Лома-Койота был всего лишь временным городишкой и как все временные поселения в один прекрасный день мог исчезнуть. Там останавливались отдохнуть переселенцы, находили приют объявленные вне закона или просто горячие головы, подыскивающие местечко, где бы можно было немножко остыть. Словом, там не было решительно ничего, заслуживающего особого упоминания.

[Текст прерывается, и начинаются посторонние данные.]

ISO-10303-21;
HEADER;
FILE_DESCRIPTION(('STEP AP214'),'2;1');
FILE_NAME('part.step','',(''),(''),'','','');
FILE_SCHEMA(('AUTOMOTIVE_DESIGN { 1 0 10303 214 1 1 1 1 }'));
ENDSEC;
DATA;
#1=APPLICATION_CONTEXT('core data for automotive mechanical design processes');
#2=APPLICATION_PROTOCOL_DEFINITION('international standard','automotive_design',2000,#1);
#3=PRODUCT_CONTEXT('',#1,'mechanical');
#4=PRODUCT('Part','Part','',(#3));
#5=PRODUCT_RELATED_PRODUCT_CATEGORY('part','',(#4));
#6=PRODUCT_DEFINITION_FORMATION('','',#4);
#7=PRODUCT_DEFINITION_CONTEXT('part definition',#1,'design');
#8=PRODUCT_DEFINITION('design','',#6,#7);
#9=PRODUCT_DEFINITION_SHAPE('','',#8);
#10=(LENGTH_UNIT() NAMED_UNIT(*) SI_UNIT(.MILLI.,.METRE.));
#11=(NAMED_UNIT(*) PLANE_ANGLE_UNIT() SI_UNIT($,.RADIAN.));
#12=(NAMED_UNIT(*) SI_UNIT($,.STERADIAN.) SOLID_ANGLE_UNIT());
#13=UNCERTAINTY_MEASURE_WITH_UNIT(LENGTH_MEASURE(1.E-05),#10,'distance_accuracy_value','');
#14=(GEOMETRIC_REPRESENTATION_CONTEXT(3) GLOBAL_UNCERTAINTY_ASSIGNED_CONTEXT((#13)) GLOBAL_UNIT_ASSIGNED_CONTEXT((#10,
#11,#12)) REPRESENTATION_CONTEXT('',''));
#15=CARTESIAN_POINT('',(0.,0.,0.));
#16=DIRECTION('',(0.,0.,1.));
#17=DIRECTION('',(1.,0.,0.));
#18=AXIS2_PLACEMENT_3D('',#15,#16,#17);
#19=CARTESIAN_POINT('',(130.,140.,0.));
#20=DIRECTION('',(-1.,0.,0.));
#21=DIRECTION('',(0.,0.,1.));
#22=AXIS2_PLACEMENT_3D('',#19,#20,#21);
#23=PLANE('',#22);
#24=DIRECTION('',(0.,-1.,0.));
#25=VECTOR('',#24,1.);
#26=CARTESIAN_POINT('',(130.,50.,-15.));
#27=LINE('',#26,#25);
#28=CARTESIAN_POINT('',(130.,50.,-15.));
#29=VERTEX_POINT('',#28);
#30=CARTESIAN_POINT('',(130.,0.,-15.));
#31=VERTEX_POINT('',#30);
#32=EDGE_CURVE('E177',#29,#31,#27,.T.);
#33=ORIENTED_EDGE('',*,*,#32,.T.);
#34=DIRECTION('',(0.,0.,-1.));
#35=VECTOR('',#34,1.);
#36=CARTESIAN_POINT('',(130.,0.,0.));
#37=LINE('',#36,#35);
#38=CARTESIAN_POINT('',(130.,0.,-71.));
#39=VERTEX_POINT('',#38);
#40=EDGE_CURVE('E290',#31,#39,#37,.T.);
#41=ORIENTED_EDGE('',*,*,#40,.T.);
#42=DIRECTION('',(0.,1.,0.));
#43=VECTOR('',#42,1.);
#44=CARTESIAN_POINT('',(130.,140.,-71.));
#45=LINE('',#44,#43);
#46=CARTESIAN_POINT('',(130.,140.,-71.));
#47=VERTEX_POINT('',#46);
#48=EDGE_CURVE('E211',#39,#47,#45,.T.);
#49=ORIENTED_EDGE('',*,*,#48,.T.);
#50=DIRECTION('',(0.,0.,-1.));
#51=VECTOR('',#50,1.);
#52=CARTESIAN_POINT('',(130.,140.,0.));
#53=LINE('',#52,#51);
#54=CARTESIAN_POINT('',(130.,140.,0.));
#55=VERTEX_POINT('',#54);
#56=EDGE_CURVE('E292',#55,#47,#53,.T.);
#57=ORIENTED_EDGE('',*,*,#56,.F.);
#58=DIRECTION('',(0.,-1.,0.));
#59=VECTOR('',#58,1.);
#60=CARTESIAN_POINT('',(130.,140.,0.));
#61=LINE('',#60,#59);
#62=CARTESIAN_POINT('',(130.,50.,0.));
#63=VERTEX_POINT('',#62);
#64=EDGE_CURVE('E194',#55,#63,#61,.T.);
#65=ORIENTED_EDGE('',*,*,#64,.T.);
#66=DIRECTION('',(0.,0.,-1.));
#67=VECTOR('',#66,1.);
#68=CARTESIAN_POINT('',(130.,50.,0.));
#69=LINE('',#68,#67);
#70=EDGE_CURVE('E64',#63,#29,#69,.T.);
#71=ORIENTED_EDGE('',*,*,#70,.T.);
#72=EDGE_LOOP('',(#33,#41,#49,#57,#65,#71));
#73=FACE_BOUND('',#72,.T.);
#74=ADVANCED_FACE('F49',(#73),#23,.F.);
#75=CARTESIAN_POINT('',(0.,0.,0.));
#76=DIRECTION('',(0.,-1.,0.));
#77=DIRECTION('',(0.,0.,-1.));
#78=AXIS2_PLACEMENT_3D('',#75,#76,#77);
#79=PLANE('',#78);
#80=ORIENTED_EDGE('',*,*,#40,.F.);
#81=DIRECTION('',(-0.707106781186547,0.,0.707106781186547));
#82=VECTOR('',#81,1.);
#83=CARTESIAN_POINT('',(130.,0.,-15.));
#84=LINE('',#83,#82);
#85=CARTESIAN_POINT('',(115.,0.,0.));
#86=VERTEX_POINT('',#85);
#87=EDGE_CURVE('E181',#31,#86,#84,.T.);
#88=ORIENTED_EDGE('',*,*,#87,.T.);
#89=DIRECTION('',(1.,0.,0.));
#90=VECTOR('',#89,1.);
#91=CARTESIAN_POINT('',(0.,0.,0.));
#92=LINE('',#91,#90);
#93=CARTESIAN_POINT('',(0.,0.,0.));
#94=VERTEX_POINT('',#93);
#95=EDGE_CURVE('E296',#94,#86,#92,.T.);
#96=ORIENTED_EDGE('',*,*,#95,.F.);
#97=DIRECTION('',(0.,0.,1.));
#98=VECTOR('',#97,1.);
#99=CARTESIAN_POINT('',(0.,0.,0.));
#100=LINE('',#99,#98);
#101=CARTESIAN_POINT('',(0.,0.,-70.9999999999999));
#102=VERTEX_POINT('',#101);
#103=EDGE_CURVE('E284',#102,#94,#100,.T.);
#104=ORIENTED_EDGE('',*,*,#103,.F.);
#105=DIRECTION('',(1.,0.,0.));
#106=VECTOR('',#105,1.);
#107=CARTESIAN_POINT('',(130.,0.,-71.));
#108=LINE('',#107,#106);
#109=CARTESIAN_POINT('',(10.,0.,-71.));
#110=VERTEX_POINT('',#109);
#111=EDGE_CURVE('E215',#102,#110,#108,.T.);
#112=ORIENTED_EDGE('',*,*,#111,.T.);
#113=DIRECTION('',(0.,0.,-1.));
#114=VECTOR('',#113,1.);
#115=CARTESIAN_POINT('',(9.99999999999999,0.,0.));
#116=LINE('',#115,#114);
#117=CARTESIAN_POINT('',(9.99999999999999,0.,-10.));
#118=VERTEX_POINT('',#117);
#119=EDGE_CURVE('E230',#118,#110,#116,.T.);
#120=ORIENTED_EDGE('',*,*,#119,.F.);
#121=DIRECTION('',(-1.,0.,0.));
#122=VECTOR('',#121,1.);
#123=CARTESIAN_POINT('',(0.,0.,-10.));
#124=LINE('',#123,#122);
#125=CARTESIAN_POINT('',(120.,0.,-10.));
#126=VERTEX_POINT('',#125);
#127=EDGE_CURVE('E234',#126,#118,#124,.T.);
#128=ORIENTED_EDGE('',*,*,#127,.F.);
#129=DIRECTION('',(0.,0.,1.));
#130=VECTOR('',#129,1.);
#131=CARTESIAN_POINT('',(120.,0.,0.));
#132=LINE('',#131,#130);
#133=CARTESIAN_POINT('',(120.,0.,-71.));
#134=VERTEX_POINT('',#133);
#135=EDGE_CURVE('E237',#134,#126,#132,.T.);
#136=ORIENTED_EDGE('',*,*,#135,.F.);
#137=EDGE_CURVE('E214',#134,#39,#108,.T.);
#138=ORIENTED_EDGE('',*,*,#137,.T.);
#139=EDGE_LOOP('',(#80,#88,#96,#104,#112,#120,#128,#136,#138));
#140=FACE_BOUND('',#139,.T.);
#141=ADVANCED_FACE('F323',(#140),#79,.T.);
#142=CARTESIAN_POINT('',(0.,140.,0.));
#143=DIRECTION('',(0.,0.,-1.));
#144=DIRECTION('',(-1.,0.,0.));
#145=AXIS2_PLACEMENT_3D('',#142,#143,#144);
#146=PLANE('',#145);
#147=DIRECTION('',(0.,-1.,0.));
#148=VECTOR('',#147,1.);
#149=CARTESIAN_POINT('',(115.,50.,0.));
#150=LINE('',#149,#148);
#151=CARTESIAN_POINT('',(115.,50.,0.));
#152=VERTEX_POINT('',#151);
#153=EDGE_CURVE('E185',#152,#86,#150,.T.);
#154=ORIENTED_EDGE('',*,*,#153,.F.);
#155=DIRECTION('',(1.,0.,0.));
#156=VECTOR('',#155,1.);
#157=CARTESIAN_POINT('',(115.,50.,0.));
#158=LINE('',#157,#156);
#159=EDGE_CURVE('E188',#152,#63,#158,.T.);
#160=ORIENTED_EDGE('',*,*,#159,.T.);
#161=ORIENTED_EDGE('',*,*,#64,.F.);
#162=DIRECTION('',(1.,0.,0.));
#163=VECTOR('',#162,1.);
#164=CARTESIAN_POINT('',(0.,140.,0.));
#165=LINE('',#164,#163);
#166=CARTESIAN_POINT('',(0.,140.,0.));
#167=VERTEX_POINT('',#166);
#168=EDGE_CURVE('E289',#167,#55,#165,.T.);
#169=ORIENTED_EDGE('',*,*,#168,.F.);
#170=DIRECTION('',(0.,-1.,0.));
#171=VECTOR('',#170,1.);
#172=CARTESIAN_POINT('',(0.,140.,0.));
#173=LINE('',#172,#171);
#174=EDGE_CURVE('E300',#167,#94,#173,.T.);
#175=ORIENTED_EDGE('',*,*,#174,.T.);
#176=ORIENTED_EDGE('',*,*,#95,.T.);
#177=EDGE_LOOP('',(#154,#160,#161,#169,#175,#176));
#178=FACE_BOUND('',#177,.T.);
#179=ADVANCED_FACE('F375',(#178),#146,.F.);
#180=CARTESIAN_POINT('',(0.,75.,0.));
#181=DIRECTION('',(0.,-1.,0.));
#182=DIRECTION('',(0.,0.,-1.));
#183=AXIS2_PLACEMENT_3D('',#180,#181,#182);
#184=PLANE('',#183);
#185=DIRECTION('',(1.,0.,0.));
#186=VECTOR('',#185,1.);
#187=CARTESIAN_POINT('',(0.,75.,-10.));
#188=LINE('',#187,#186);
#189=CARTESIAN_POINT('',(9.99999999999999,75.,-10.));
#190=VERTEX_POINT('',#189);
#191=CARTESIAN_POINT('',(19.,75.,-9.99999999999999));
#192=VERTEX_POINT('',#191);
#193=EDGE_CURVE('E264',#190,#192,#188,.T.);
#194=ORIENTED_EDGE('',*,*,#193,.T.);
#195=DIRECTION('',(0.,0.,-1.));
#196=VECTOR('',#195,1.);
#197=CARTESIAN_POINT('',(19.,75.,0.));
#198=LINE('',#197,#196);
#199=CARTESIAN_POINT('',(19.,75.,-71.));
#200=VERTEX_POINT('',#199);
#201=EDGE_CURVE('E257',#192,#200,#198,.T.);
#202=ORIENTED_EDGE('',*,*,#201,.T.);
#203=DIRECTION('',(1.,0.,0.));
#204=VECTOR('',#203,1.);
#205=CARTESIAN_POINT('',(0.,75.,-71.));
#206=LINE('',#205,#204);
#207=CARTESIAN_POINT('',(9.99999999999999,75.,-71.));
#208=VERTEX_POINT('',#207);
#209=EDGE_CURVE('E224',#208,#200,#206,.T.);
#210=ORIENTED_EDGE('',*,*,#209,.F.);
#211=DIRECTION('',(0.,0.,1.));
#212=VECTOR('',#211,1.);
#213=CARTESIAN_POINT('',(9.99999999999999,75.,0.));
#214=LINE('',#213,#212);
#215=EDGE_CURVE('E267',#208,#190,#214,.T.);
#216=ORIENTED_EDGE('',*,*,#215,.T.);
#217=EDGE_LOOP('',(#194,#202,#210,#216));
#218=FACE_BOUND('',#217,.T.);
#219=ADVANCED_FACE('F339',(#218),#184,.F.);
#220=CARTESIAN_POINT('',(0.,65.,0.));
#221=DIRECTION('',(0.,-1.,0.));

Один-два старателя, владеющие приисками в ближайших горах (впрочем, прииски эти были не из процветающих) предпочитали коротать время в салуне «Юта» возле вырезанной из орехового дерева стойки бара, а не возиться в грязи.
Жило тут человек тридцать, из них всего четыре женщины. В истории Лома-Койота была одна умопомрачительная ночь. Тогда численность городка подскочила аж до пятидесяти шести человек. Но это произошло во время войны с ютами, когда все окрестные старатели и трапперы хлынули с холмов в более безопасное место.
Большинство новичков привыкли к одиночеству. Неумеренное употребление виски местного изготовления привело к тому, что на рассвете второго дня жителей стало уже пятьдесят три человека, а в заброшенном сарае три окоченевших трупа остались лежать до погребения весной.
А на шестое утро в городе было почти столько же жителей, сколько обычно. Новоприбывшие один за другим покидали городок, решив, вероятно, что юты менее опасны, чем виски и горожане Лома-Койота.
В дальнем конце улицы виднелось большое ветхое строение, которое могло быть только конюшней. И впрямь, висевший над входом фонарь освещал едва различимую вывеску, гласившую, что постройка является платной конюшней.
Дверь конюшни открывалась в темную комнатушку, где багряными отблесками мерцала печка, но больше никакого освещения не было.